Другой основной способ манипулировать AS заключается в использовании антисмысловых олигонуклеотидов, что пары с определенными регионами пре-мРНК. По сравнению с этим существующим способом, то ESFS может вызвать длительное воздействие в стабильно трансфецированных клетках. Кроме того, в естественных условиях доставки ESF может воспользоваться увеличением арсенала векторов генной терапии, в то время как в естественных условиях доставки антисмысловых олигонуклеотидов очень трудно контролировать. Кроме того, этот метод может избежать сложных и дорогостоящих модификаций олигонуклеотидов. Используя различные индуцируемые промоторы, более точный контроль экспрессии ФЭБА в правильных типах клеток и в правильное время также может быть достигнут. Основным недостатком этого способа является относительно низкая специфичность (сайт узнавания 8-нт по сравнению с сайтом распознавания с 16- до 20-нт в типичных антисмысловых олигонуклеотидов).

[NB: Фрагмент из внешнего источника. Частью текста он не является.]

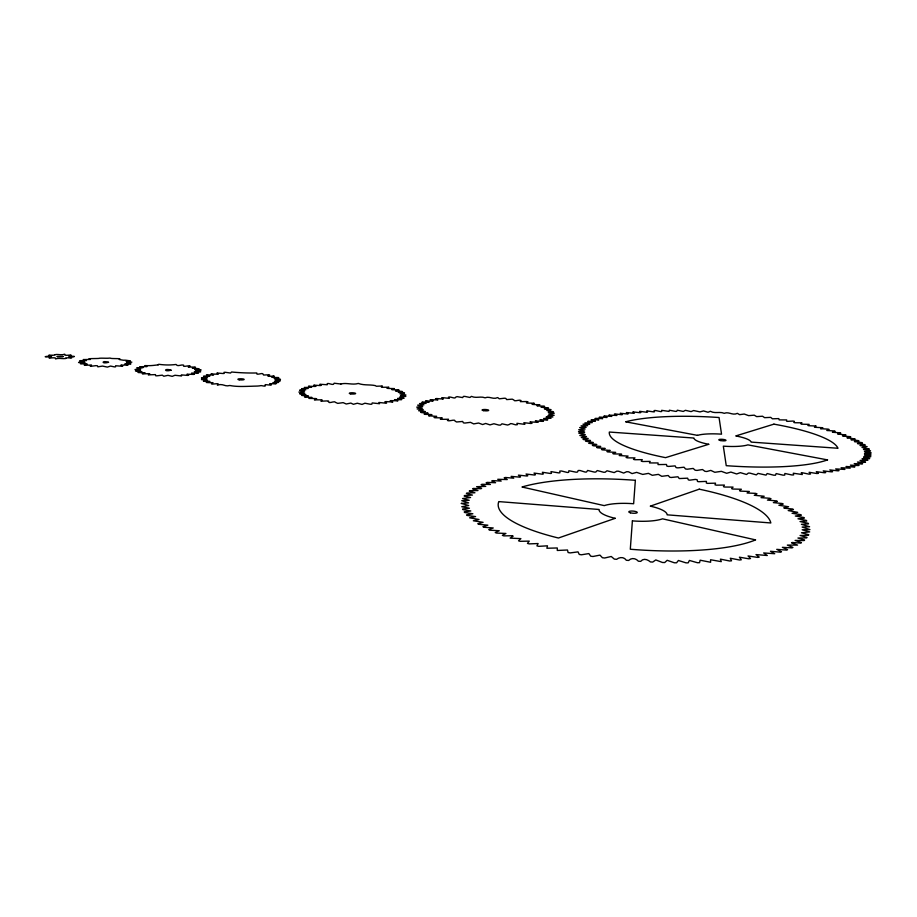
<?xml version="1.0" encoding="UTF-8"?>
<svg xmlns="http://www.w3.org/2000/svg" width="917" height="917" viewBox="0 0 917 917"><rect width="100%" height="100%" fill="white"/><g stroke="black" fill="none" stroke-linecap="round" stroke-linejoin="round"><path stroke-width="1.38" d="M206.68 378.641C191.229 380.566 216.779 378.95 203.448 381.163C221.18 381.254 194.817 382.641 212.996 382.664C206.715 386.08 222.086 381.759 217.363 385.048C223.645 383.295 224.516 386.997 229.858 385.495C236.701 386.905 244.747 386.412 251.739 386.24C255.717 386.011 258.113 386.263 261.104 385.587C267.225 386.756 264.635 385.897 265.242 384.624C266.836 384.716 274.642 385.816 270.056 384.131C267.592 383.134 275.134 384.04 275.811 383.891C278.183 383.295 270.492 382.882 273.598 382.469C278.825 382.985 281.359 382.034 274.768 381.449C276.006 380.601 284.018 381.346 278.562 380.429C266.194 379.134 291.457 380.268 274.263 378.423C288.316 376.646 263.832 378.515 274.229 376.119C258.571 376.933 278.871 374.056 263.592 375.053C262.698 374.262 263.855 372.818 259.259 374.01C258.09 374.17 256.141 374.583 256.806 372.978C248.049 373.127 240.437 372.852 231.6 372.004L230.522 373.047L225.158 372.279L223.943 372.359L224.264 373.391L223.14 373.528L216.985 373.013L218.429 374.044L217.512 374.228L211.025 373.941L213.569 374.961L206.99 374.915L206.314 375.122L209.89 376.039L203.494 376.257L207.54 377.311L201.465 377.999L206.68 378.641M461.354 503.422L468.702 505.519L461.744 506.734L469.424 508.224L462.569 509.05L462.833 509.588L470.811 510.975L464.208 511.938L464.598 512.488L472.863 513.772L466.558 514.861L467.074 515.423L475.591 516.592L469.596 517.818L479.006 519.492L473.344 520.776L483.087 522.335L477.791 523.745L478.72 524.306L487.833 525.166L482.938 526.702L483.993 527.264L493.231 527.963L488.761 529.625L489.942 530.186L499.261 530.737L495.249 532.513L496.555 533.064L505.92 533.465L502.39 535.356L503.823 535.883L512.167 535.734L513.188 536.124L510.15 538.119L520.867 538.634L518.518 540.812L520.18 541.305L529.235 541.133L527.458 543.403L529.212 543.884L538.119 543.54L536.915 545.879L538.772 546.337L547.483 545.821L546.876 548.24L557.284 547.976L557.284 550.464L567.485 550.005L568.104 552.527L570.202 552.905L578.031 551.874L579.257 554.441L581.424 554.785L588.874 553.581L590.72 556.183L592.932 556.493L599.959 555.117L602.423 557.731L604.67 558.006L611.249 556.481L614.31 559.095L616.591 559.336C619.64 556.951 623.996 556.734 626.322 560.253L628.615 560.459C631.549 557.502 635.825 558.212 638.392 561.215L640.685 561.364C643.413 557.857 647.746 559.519 650.451 561.949L652.744 562.064L655.781 559.92L662.452 562.476L664.722 562.545L667.163 560.298L674.327 562.774L676.563 562.809L678.397 560.482L686.008 562.855L688.197 562.855L689.401 560.447L697.424 562.717L699.568 562.671L700.152 560.207L710.618 562.27L710.572 559.748L721.289 561.651L720.418 559.141L729.623 560.986L731.537 560.814L730.253 558.235L739.492 559.989L741.303 559.783L739.411 557.192L748.834 558.797L750.542 558.545L748.054 555.954L757.614 557.398L759.219 557.112L756.009 554.59L767.288 555.507L763.666 552.951L774.716 553.719L770.463 551.266L780.241 552.16L781.479 551.77L776.745 549.363L786.454 550.085L787.554 549.684L782.361 547.334L791.956 547.885L792.918 547.449L787.348 545.099L797.561 545.099L791.554 542.887L792.208 542.497L800.782 543.105L801.469 542.623L795.108 540.434L804.094 540.549L804.633 540.056L797.95 538.027L806.662 537.912L807.063 537.408L800.082 535.482L808.485 535.207L808.748 534.68L801.458 532.777L809.7 531.894L802.203 529.785L809.94 529.602L802.146 527.069L809.585 526.748L801.412 524.318L808.53 523.871L808.255 523.32L800.025 521.555L806.788 520.971L806.387 520.42L797.985 518.793L804.392 518.082L803.854 517.532L795.326 516.03L801.343 515.205L800.69 514.655L792.059 513.279L797.675 512.351L788.207 510.563L793.423 509.52L792.552 508.992L784.539 508.27L783.76 507.812L788.597 506.746L778.877 505.256L783.233 504.018L782.155 503.513L773.363 502.608L777.352 501.358L776.183 500.854L767.437 500.097L771.002 498.756L769.741 498.275L761.064 497.644L764.182 496.246L754.278 495.283L756.961 493.816L755.539 493.357L747.091 493.014L749.338 491.478L740.604 491.134L739.538 490.755L741.349 489.242L732.786 489.036L731.651 488.669L733.038 487.099L724.671 487.042L723.467 486.686L724.43 485.082L716.269 485.15L715.019 484.818L715.547 483.167L707.626 483.374L706.331 483.053L706.434 481.379L698.777 481.712L697.516 481.471L697.115 479.717L695.327 479.408L689.733 480.176L688.346 479.889L687.624 478.181L679.222 478.559L677.972 476.771L671.21 477.482L669.742 477.23L668.218 475.499L661.776 476.324L658.372 474.364L652.285 475.304L648.468 473.367L642.748 474.421L636.65 472.37L632.077 473.596L628.603 471.808L626.724 471.693L623.663 473.069L618.711 471.246L616.832 471.166L614.184 472.599L607.008 470.776L605.128 472.232L603.661 472.255L597.265 470.536L595.786 472.049L594.354 472.095L587.659 470.455L586.456 472.049L585.172 472.072L579.98 470.49L578.191 470.513L577.481 472.049L576.151 472.209L568.895 470.73L568.62 472.358L567.314 472.473L561.525 471.006L559.806 471.086L559.943 472.759L558.682 472.897L550.957 471.602L551.438 473.355L550.292 473.459L542.36 472.266L543.322 473.986L542.165 474.158L534.049 473.069L535.425 474.811L534.324 475.006L526.06 474.032L527.837 475.774L526.805 476.003L518.403 475.132L520.592 476.886L519.63 477.127L511.113 476.37L513.726 478.193L505.508 477.482L504.224 477.757L507.25 479.568L497.759 479.282L501.186 481.081L492.842 480.623L491.73 480.944L495.57 482.72L487.202 482.388L486.182 482.743L490.423 484.485L482.055 484.279L481.138 484.657L485.758 486.377L476.599 486.698L481.608 488.371L480.955 488.727L473.332 488.44L472.622 488.864L477.975 490.549L469.802 490.698L469.206 491.134L474.926 492.773L466.868 493.048L466.375 493.506L472.45 495.088L464.529 495.512L464.162 495.994L470.57 497.507L462.569 498.561L469.195 500.292L461.755 500.705L468.633 502.871L461.354 503.422M820.749 428.697L827.971 429.122L829.151 429.465L826.825 430.497L834.046 430.933L835.158 431.277L832.441 432.251L839.743 432.79L840.774 433.145L837.645 433.97L846.001 435.048L842.517 435.816L843.227 436.171L849.91 436.63L850.793 436.996L846.941 437.776L855.137 438.979L850.919 439.679L858.301 440.596L859 440.974L854.415 441.558L861.774 442.613L862.37 442.991L857.464 443.541L864.72 444.642L865.224 445.02L859.997 445.444L867.138 446.671L861.991 447.427L869.293 449.078C851.102 449.192 883.105 450.923 864.444 451.485C884.653 454.912 851.205 451.37 871.104 455.015C851.136 454.224 884.447 457.205 863.573 457.021C882.498 460.815 849.474 456.62 867.883 460.254L860.077 460.46L865.556 461.996L865.052 462.317L857.452 462.076L862.622 463.67L861.991 463.979L854.231 463.624L859.08 465.251L858.335 465.549L850.403 465.125L854.931 466.753L854.082 467.028L846.036 466.489L850.197 468.151L841.118 467.75L844.889 469.435L835.674 468.908L839.032 470.616L837.851 470.822L829.805 469.905L832.636 471.67L831.352 471.854L823.248 470.857L825.724 472.599L824.36 472.759L816.325 471.659L818.342 473.39L816.887 473.516L809.126 472.289L810.513 474.043L808.977 474.146L802.318 472.759L801.229 472.851L802.283 474.548L793.285 473.218L793.663 474.914L791.99 474.972L784.86 473.47L784.723 475.132L782.992 475.155L776.137 473.573L775.495 475.201L773.719 475.189L767.174 473.55L766.027 475.109L758.015 473.367L756.365 474.88L749.797 473.092L748.329 473.092L746.553 474.49L740.374 472.656L736.638 473.963L730.883 472.072L726.677 473.287L721.381 471.349L714.824 472.289L710.79 470.398L706.801 471.51L704.932 471.315L702.491 469.527L697 470.421L695.143 470.203L693.195 468.427L687.337 469.206L685.515 468.965L684.059 467.212L677.869 467.876L676.093 467.613L675.13 465.893L668.642 466.432L666.911 466.145L666.453 464.46L658.028 464.587L658.062 462.947L649.465 462.936L650.164 461.389L642.794 461.526L641.27 461.194L642.29 459.646L634.919 459.726L633.475 459.371L634.965 457.892L627.469 457.858L626.105 457.491L628.065 456.081L619.204 455.554L621.703 454.316L620.878 453.995L613.966 453.949L612.785 453.571L615.708 452.356L607.96 451.932L606.882 451.542L610.206 450.419L602.48 449.88L601.506 449.49L605.197 448.447L597.54 447.817L596.669 447.427L600.715 446.464L593.161 445.742L592.393 445.341L596.772 444.481L588.68 443.266L593.356 442.487L585.539 441.192L590.502 440.515L583.418 439.53L582.983 439.14L588.21 438.498L581.332 437.489L586.479 436.572L579.819 435.483L585.298 434.669L578.765 433.156L584.622 432.595L578.512 431.598L584.576 430.99L578.719 429.729L585.115 429.03L579.67 427.586L586.146 427.333L581.069 425.855L587.694 425.694L582.994 424.193L589.746 424.135L584.931 422.909L592.302 422.599L587.774 421.384L595.328 421.19L591.11 419.952L591.797 419.688L598.812 419.871L594.904 418.599L595.683 418.358L602.721 418.633L599.145 417.35L600.005 417.12L607.065 417.487L603.822 416.18L604.762 415.974L611.799 416.421L608.899 415.114L616.923 415.47L614.379 414.152L615.456 413.98L621.646 414.725L622.402 414.599L620.213 413.292L627.423 413.957L628.237 413.796L626.391 412.535L633.509 413.269L634.381 413.131L632.89 411.882L639.906 412.696L640.834 412.57L639.688 411.332L646.565 412.226L647.551 412.111L646.76 410.885L653.489 411.859L654.52 411.767L654.085 410.564L655.506 410.507L660.641 411.595L661.719 411.515L661.638 410.335L669.043 411.412L669.387 410.22L675.542 411.378L676.7 411.343L677.319 410.22L683.245 411.435L685.412 410.323L691.086 411.595L693.63 410.541L699.98 411.893L703.545 410.931L708.027 412.26L710.354 411.286C715.065 413.945 719.604 411.274 724.27 413.326C728.74 411.32 732.672 415.825 737.371 413.349L739.595 414.679L744.226 414.037L748.65 415.642L754.221 415.172L756.674 416.616L762.531 416.226L764.606 417.671L770.727 417.373L772.412 418.805L778.797 418.599L779.186 419.894L786.694 419.929L786.545 421.144L787.577 421.35L792.953 421.063L794.409 421.327L793.824 422.473L794.879 422.737L801.894 422.817L800.954 423.929L801.951 424.193L809.149 424.376L807.831 425.454L808.783 425.729L816.119 426.004L814.445 427.047L815.328 427.322L822.801 427.712L820.749 428.697M158.114 364.874C152.841 365.459 151.546 365.814 144.794 365.608L146.972 366.582L139.739 366.72L143.144 367.591L136.793 367.832L140.863 368.806L135.017 369.54L140.381 370.285L135.464 370.835L141.883 371.603L137.905 372.336L138.467 372.566L145.081 372.795L142.273 373.712L143.121 373.907L148.795 373.643L149.78 373.872L148.325 374.87L155.477 374.606L155.649 375.729L156.887 375.832L162.298 375.156L163.799 376.234L167.971 375.34L172.213 376.348L174.964 375.271L181.543 375.981L181.337 374.893L187.63 375.408L188.673 375.271L187.022 374.205L193.647 374.423L194.45 374.239L191.458 373.265L198.496 372.955C184.443 370.399 211.208 373.334 195.63 370.64C212.389 369.219 184.283 370.388 199.092 368.714L192.329 368.141L195.493 367.304L194.771 367.098L188.26 367.018L190.22 366.089C188.787 364.92 182.128 367.912 183.606 365.126C181.176 364.278 177.531 367.064 176.053 364.473C169.966 365.218 164.796 365.115 158.721 364.29L158.114 364.874M546.291 417.097L551.014 418.278L543.621 418.507L547.747 419.78L547.048 420.032L539.918 419.826L543.437 421.132L542.566 421.362L535.345 420.972L538.153 422.324L530.037 421.9L531.986 423.322L530.794 423.482L523.894 422.691L525.005 424.113L523.687 424.227L516.924 423.299L517.348 424.674C515.09 425.752 510.631 421.969 509.474 424.411L507.617 425.041L501.966 423.814L500.499 425.098L498.928 425.087L493.908 423.746L490.01 424.892L485.701 423.459L482.629 424.537L478.571 423.024L473.688 423.906L470.478 422.336L464.965 423.046L463.44 422.875L462.661 421.453L456.609 421.98L455.13 421.155C455.291 418.622 449.124 421.82 447.427 420.49L448.528 419.264L441.547 419.321L440.343 419.046L442.212 417.854L435.105 417.762L434.039 417.476L436.675 416.375L428.617 415.791L431.953 414.816L431.345 414.553L424.869 414.346L424.147 414.037L428.136 413.189L421.224 412.547L420.685 412.226L425.247 411.527L418.645 410.736L423.367 409.819L417.143 408.925L422.496 408.168L416.731 407.148L422.703 406.369L417.636 405.154L423.918 404.856L419.539 403.549L426.107 403.388L421.854 402.322L422.45 402.07L429.202 402.082L425.545 400.958L432.526 401.096L433.145 400.924L430.13 399.743L437.856 399.904L435.529 398.689L436.561 398.528L443.278 399.055L441.65 397.829L442.808 397.691L449.307 398.368L448.402 397.153C450.064 396.133 455.611 399.468 455.623 397.221L457.033 396.625L462.672 397.588L463.394 396.419L464.804 396.396L469.962 397.474L471.418 396.373C476.232 398.597 480.428 395.961 485.104 397.818C489.334 395.869 493.174 399.869 497.69 397.577L499.307 398.815L504.361 398.219L505.783 398.368L506.665 399.606L512.236 399.159L513.726 399.892C514.219 402.127 519.16 399.319 521.016 400.488L520.26 401.635L526.736 401.554L527.928 401.795L526.427 402.827L527.321 403.09L534.233 403.228L532.043 404.191L532.8 404.466L539.838 404.787L536.938 405.704L537.591 405.944L543.838 406.139L544.629 406.437L541.076 407.24L547.919 407.859L548.549 408.168L544.377 408.844L551.06 409.624L546.784 410.484L553.478 411.733L548.217 412.169L554.292 413.2L548.664 414.014L554.177 415.275L547.976 415.596L552.894 416.96L546.291 417.097M90.416 359.43L83.183 359.579C95.173 361.94 69.658 359.487 84.421 361.55C66.918 363.625 95.769 361.585 80.352 363.648L87.264 364.164L84.238 365.012L85.006 365.195L91.528 365.092L90.256 366.112L91.299 366.238L95.861 365.654L97.5 365.826L97.821 366.834L102.498 366.078L107.404 367.098L110.533 366.066L114.419 366.892L115.588 366.811L115.599 365.757L121.766 366.215L122.729 366.089L120.838 365.138L128.128 364.977L124.678 364.141L130.959 363.831L126.603 362.972L131.853 362.146L126.133 361.539L130.329 360.897C120.368 359.281 128.013 361.149 119.221 359.498C123.348 357.997 110.797 359.074 110.097 358.077C106.361 358.513 103.082 357.997 99.437 358.238C99.804 358.834 83.802 358.157 90.416 359.43M340.895 384.028L334.178 383.214C333.673 386.63 327.312 381.587 326.876 384.28L327.3 384.727L319.861 384.269L321.294 385.369L320.216 385.564L313.74 385.151L316.021 386.263L315.104 386.447L308.513 386.229L311.608 387.295L304.306 387.49L308.169 388.476L301.693 388.659L305.785 389.84L299.641 390.183L304.559 391.25L298.873 392.086L304.582 392.946L299.653 393.76L305.888 394.459L301.75 395.445L308.376 395.995L304.467 396.82L305.143 397.095L311.998 397.439L308.869 398.402L315.7 398.551L316.663 398.803L314.405 399.881L321.133 399.812L322.28 400.076L320.939 401.199L327.38 400.912L328.653 401.096L328.332 401.612C328.962 404.34 334.556 400.213 335.771 402.506L337.743 403.377L343.13 402.643L346.248 403.996L350.833 403.079L353.412 404.305L357.309 403.239L362.032 404.42L364.932 403.216L370.399 404.259L371.798 404.202L372.222 402.941L379.581 403.721L378.836 402.46L385.472 403.136L386.63 402.987L384.922 401.772L385.816 401.589L392.785 402.013L390.172 400.798L390.894 400.626L397.886 400.832L394.482 399.652L401.222 399.72L401.806 399.468L397.623 398.437L404.099 398.242L399.663 397.061L405.818 396.373L400.523 395.605L405.944 395.009L399.972 393.863L404.569 393.049L398.299 392.373L402.563 391.685L402.036 391.41L395.514 390.917L399.044 390.092L398.322 389.828L392.453 389.748L391.639 389.496L394.425 388.59L387.857 388.441L386.894 388.178L388.831 387.215L382.446 387.272L381.334 387.066L382.4 386L376.348 386.252L375.351 385.621C370.032 384.383 364.038 385.598 358.283 383.444C352.437 385.266 346.339 382.412 340.895 384.028M632.386 520.879L630.3 549.237A136.839 34.559 4.5 0 0 755.608 539.895L662.521 518.827A34.112 8.597 4.5 0 1 632.386 520.879M635.355 480.302L633.636 503.742A34.112 8.597 4.5 0 0 604.246 505.622L521.991 487.007A136.839 34.559 4.5 0 1 635.355 480.302M63.17 356.53L57.209 356.564L63.17 356.53M65.875 358.444C62.643 359.086 59.055 357.699 55.513 358.914C57.393 356.335 45.082 359.304 50.412 357.366C56.017 356.392 35.259 357.458 51.696 355.876C43.099 354.478 56.189 355.853 54.619 354.764C57.473 353.847 61.347 355.544 64.74 354.191C63.044 356.759 74.644 353.79 70.093 355.704C66.116 356.369 73.337 356.105 74.369 356.449C73.498 357.47 69.921 356.243 68.764 357.24C77.498 358.685 63.846 357.103 65.875 358.444M171.055 370.193C163.639 372.336 163.891 367.797 171.055 370.193M108.527 362.318C101.065 364.347 101.604 360.014 108.527 362.318M615.215 518.323L558.419 538.015A136.839 34.559 4.5 0 1 498.791 501.599L599.133 509.485A34.112 8.597 4.5 0 0 615.215 518.323M699.258 489.174L650.302 506.15A34.112 8.597 4.5 0 1 667.129 514.827L770.83 522.965A136.839 34.559 4.5 0 0 699.258 489.174M708.738 444.298L665.547 457.652A114.98 23.739 4.6 0 1 609.346 432.045L693.917 438.039A28.691 5.915 4.6 0 0 708.738 444.298M773.925 424.147L735.766 435.942A28.691 5.915 4.6 0 1 751.08 442.097L838 448.264A114.98 23.739 4.6 0 0 773.925 424.147M697.482 435.357L625.623 421.809A114.98 23.739 4.6 0 1 719.054 417.522L721.541 434.165A28.691 5.915 4.6 0 0 697.482 435.357M827.535 459.898L747.882 444.871A28.691 5.915 4.6 0 1 723.33 446.155L726.241 465.676A114.98 23.739 4.6 0 0 827.535 459.898M630.38 512.798A4.264 1.077 4.5 0 0 637.223 512.614A4.264 1.077 4.5 0 0 631.458 511.033A4.264 1.077 4.5 0 0 630.38 512.798M350.73 393.874A3.187 0.63 2 0 0 355.636 393.542A3.187 0.63 2 0 0 350.982 392.797A3.187 0.63 2 0 0 350.73 393.874M239.222 379.798A3.106 0.585 1.3 0 0 244.14 379.489A3.106 0.585 1.3 0 0 239.807 378.79A3.106 0.585 1.3 0 0 239.222 379.798M483.454 410.621A3.313 0.665 2.9 0 0 488.681 410.403A3.313 0.665 2.9 0 0 484.027 409.498A3.313 0.665 2.9 0 0 483.454 410.621M720.338 440.515A3.588 0.734 4.6 0 0 725.977 440.412A3.588 0.734 4.6 0 0 720.945 439.277A3.588 0.734 4.6 0 0 720.338 440.515"/></g></svg>

Дисрегуляция альтернативного сплайсинга приводит к развитию многих заболеваний, в том числе рака ^{26, 27.} Геномная шириной исследование показало более 15000 опухолеассоциированных варианты сплайсинга в различных типах рака ^{28, 29, 30.} Например, интронныеМутации участка сплайсинга генов-супрессоров опухолей часто вызывают события пропуска экзона и производят аберрантные белки, которые могут способствовать возникновению опухоли ^{26 , 31 , 32} . Более того, некоторые факторы сращивания оказываются сверхэкспрессируемыми во многих типах рака, что способствует трансформации клеток ^{33 , 34} , что указывает на то, что факторы сращивания также могут играть важную роль в биогенезе рака. Таким образом, помимо предоставления полезного инструмента для модуляции функции гена, манипуляции сплайсинга с дизайнерскими ESFs могут восстановить нерегулируемые события сплайсинга при раке, таким образом обеспечивая потенциальный терапевтический инструмент. Кроме того, путем слияния домена PUF-дизайнера с различными функциональными доменами можно разработать несколько искусственных факторов, которые манипулируют различными процессами метаболизма РНК. Например, слияние трансляционного активатора (GLD2) или трансляционного представителяressor (CAF1) с доменом ППУ производства новых факторов , которые могут активировать или ингибировать мРНК перевода ^27. Используя ту же самую основную дизайн, мы объединили неспецифический домен РНК - эндонуклеазы (PIN) с серией конструктора ППУ доменов , чтобы генерировать искусственный сайт-специфические эндонуклеазы РНК (ASREs) , которые функционируют аналогично ограничению ДНК ферментов ^17.

Авторы не имеют ничего раскрывать.

Эта работа была поддержана грантом NIH R01-CA158283 и грантом 31400726 NSFC для ZWYW, финансируется Программой талантов молодых тысяч и Национальным фондом естественных наук Китая (гранты 31471235 и 81422038). XY финансируется научным фондом постдокторантов Китая (2015M571612).